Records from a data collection
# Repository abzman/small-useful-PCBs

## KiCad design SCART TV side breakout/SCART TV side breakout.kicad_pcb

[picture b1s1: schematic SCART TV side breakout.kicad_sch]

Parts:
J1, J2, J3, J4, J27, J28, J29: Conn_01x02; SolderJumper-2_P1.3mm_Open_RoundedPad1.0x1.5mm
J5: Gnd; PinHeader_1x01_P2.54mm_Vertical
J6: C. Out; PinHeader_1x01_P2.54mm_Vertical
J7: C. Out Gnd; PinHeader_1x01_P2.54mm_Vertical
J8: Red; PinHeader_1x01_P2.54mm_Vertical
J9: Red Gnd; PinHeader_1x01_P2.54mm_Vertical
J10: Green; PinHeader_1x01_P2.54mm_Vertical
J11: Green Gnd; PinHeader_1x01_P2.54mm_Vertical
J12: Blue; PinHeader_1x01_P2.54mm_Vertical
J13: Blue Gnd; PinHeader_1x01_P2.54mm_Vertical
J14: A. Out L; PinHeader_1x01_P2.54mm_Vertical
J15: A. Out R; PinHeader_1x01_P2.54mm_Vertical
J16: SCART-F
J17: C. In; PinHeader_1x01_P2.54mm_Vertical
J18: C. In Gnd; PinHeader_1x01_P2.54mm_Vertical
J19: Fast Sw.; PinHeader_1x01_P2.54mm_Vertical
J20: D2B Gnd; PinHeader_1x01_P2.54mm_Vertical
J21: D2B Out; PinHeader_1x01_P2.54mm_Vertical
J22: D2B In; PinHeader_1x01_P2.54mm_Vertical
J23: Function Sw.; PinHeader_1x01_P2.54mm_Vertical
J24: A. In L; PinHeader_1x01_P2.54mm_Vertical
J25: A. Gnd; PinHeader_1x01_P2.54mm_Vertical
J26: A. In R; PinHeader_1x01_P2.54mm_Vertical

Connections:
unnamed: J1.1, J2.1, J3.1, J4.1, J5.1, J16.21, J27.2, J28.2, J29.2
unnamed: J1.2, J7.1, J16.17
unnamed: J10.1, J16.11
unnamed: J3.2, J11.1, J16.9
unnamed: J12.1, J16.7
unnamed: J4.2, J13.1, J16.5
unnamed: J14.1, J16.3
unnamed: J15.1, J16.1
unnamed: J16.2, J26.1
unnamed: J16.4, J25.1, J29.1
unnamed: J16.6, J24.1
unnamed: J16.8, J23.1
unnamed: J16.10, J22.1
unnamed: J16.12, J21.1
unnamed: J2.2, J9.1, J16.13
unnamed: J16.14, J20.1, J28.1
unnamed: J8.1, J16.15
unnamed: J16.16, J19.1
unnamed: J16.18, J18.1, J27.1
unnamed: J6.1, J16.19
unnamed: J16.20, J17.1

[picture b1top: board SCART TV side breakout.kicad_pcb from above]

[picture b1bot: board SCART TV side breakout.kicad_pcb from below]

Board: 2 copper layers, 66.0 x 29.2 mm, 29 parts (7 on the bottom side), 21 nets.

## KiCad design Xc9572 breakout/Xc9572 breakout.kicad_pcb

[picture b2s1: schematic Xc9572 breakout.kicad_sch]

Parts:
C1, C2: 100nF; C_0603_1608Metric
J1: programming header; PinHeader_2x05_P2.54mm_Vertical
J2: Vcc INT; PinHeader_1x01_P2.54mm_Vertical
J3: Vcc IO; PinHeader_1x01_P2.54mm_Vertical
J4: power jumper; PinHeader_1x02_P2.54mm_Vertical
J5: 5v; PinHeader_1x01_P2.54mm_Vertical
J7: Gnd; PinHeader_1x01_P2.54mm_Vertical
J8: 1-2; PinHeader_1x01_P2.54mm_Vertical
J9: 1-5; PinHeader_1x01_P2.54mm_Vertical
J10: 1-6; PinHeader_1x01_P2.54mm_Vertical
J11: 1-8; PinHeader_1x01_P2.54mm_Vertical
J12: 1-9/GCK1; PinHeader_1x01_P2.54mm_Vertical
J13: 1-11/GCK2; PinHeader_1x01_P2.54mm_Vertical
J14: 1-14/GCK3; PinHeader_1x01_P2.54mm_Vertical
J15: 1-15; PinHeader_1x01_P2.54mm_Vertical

> **What the task asks**: Print, without alteration, only the lines above between the one holding "[picture b1bot: board" and the one holding "[picture b2s1: schematic", inclusive.

> **Expected output**:
[picture b1bot: board SCART TV side breakout.kicad_pcb from below]

Board: 2 copper layers, 66.0 x 29.2 mm, 29 parts (7 on the bottom side), 21 nets.

## KiCad design Xc9572 breakout/Xc9572 breakout.kicad_pcb

[picture b2s1: schematic Xc9572 breakout.kicad_sch]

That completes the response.